При всех различиях между этими восемью больницами меня поразило то, что везде люди чувствовали себя в операционной очень свободно. Раз дело дошло до операции, значит, на столе лежит пациент, который доверяет вам свое тело и рассчитывает, что вы не сделаете ему ничего плохого. А вокруг вас есть люди, готовые работать вместе, демонстрируя свое мастерство и стремясь оправдать доверие больного.
Временами внедрение чек-листа давалось нелегко. Теперь уже трудно было нам. В Маниле, например, на каждые четыре операции приходилась всего одна медсестра, поскольку квалифицированные медсестры с хорошим образованием могли легко найти работу в США или Канаде. Студенты-медики, которые занимали эти места, чувствовали себя еще очень неуверенно и не могли отвечать за выполнение чек-листа, поэтому нам пришлось просить об этом анестезиологов. В Британии сотрудники не знали, как им привести в соответствие с новыми требованиями немного необычную практику анестезии.

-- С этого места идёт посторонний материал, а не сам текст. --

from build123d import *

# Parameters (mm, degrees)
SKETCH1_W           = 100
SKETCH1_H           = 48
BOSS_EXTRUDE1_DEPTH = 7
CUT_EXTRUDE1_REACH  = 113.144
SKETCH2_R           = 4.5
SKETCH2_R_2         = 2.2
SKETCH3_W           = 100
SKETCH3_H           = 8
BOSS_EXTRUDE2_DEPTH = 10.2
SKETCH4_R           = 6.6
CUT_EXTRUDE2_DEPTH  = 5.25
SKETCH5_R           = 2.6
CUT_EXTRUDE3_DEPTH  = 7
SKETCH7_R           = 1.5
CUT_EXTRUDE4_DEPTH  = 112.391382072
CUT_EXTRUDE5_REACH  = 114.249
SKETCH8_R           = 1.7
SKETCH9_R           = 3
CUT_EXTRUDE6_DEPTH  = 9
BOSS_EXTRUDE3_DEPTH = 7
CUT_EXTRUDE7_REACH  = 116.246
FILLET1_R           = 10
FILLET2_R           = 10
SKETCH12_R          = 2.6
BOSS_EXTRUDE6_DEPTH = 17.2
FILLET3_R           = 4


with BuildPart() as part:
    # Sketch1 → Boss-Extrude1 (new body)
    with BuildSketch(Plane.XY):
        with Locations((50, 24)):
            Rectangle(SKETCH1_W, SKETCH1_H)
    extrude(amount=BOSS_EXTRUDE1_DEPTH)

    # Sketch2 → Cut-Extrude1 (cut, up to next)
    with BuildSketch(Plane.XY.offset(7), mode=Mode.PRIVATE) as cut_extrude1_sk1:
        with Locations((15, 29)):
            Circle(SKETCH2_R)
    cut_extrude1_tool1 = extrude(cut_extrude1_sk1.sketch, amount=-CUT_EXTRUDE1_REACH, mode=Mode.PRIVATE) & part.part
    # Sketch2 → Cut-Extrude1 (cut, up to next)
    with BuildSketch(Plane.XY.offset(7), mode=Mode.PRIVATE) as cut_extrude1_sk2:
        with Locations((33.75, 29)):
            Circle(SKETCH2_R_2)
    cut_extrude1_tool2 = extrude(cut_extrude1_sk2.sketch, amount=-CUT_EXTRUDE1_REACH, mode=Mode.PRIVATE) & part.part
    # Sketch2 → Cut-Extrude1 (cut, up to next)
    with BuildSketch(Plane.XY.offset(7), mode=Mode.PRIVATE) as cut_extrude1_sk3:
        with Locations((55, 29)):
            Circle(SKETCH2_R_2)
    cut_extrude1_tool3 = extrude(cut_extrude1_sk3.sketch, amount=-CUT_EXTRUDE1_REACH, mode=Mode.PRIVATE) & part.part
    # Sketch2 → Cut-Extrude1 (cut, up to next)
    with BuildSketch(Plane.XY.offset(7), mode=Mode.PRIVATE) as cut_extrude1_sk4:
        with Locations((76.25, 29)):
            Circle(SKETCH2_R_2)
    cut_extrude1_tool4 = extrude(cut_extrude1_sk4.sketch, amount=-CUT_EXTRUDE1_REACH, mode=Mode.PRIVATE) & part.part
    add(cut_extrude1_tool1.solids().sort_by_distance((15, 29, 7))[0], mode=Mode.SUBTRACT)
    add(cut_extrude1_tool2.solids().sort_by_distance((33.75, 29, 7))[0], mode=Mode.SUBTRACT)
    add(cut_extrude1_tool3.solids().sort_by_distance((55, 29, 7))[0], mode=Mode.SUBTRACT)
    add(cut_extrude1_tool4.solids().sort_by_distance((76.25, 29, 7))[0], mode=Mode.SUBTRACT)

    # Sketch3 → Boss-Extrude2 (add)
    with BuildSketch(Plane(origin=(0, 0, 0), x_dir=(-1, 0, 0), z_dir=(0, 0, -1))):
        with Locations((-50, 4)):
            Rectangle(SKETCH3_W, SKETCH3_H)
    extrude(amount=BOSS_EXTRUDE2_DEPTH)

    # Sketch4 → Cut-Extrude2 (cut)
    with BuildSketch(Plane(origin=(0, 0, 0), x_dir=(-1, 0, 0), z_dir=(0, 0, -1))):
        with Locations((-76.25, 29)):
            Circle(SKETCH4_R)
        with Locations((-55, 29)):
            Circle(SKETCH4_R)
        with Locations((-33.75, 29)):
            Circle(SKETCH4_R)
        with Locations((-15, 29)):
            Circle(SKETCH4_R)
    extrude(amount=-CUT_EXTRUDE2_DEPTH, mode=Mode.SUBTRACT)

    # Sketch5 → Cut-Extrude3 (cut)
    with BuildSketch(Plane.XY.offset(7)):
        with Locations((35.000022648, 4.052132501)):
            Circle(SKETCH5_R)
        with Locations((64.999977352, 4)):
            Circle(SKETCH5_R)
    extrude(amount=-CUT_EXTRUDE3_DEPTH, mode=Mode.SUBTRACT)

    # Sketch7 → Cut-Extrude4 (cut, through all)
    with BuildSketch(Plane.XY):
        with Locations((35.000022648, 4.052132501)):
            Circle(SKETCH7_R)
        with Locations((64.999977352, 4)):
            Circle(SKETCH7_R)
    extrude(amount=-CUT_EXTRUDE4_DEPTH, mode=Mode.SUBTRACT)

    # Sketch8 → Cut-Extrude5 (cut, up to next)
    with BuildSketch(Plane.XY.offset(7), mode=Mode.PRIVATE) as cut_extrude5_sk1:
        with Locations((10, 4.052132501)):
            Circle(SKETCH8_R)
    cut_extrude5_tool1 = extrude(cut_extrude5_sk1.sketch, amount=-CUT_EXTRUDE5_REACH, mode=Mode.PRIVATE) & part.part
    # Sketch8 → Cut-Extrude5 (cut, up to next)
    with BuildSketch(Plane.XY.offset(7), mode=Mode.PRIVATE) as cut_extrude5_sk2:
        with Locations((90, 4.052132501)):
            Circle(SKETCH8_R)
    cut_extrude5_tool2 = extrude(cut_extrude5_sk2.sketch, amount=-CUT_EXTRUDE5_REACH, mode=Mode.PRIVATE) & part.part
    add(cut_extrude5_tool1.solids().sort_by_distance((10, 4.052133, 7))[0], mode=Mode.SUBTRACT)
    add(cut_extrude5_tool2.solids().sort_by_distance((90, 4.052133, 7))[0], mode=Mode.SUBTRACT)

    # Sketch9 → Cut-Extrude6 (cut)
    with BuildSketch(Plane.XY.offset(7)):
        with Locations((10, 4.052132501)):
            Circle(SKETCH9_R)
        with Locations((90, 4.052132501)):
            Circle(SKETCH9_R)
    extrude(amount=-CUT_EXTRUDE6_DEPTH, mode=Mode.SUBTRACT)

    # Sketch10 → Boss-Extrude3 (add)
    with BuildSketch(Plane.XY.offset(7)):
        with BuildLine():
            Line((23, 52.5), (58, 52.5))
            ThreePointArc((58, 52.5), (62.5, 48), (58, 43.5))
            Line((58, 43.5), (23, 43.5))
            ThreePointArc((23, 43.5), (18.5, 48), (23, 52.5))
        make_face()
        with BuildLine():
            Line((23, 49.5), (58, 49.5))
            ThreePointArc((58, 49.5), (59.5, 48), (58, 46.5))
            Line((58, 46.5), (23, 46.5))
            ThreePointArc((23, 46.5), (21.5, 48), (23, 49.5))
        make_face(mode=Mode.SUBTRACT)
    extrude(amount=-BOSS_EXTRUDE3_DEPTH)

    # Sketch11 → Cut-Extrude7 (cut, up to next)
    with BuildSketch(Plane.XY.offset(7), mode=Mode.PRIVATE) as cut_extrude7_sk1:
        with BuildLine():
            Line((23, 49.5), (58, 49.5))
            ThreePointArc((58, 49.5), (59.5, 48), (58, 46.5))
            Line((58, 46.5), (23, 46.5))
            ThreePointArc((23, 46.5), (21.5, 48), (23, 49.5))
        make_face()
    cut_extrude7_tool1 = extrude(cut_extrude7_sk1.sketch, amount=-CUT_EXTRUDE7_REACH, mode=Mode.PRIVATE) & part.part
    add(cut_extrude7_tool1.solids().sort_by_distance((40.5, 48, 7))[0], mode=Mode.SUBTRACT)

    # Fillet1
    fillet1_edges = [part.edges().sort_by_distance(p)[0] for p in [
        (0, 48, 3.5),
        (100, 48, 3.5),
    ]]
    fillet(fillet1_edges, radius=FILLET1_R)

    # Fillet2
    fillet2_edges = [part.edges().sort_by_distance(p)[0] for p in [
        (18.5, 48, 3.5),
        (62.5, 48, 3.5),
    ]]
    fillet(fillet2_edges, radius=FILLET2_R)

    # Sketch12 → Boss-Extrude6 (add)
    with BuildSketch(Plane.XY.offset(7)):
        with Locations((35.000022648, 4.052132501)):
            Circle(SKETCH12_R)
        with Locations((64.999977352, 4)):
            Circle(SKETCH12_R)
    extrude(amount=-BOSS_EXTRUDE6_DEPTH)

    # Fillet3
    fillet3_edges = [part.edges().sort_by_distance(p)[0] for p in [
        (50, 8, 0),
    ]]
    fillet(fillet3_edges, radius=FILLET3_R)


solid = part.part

Кроме того, нельзя забывать о кривой обучения. Каким бы простым и конкретным ни был чек-лист, если человек привык обходиться без него, то ему трудно перестраиваться. При этом вписывать новый документ в сложившуюся практику порой бывает нелегко. Иногда бригада забывала отработать часть чек-листа, особенно касающуюся проверки, которая проводится после операции, перед тем как больного выкатывают из операционной, да и к остальным пунктам относилась небрежно. Но это происходило не потому, что чек-лист сам по себе сложен. Трудности на самом деле имеют социальные причины. Людям очень нелегко заставить себя говорить. Например, если медсестра обнаружила, что больной не получил антибиотики, ей трудно остановить всех членов хирургической бригады и убедить в необходимости их введения. В операционной каждый ведет себя по-своему, и особенно это касается хирургов. Кто-то молчит, кто-то любит поговорить, а кто-то человек настроения. Очень немногим хирургам было понятно, как им адаптировать свое поведение и общаться с другими членами бригады, даже со студентами медучилищ, чтобы обсуждение плана операции и связанных с этим вопросов стало привычным занятием.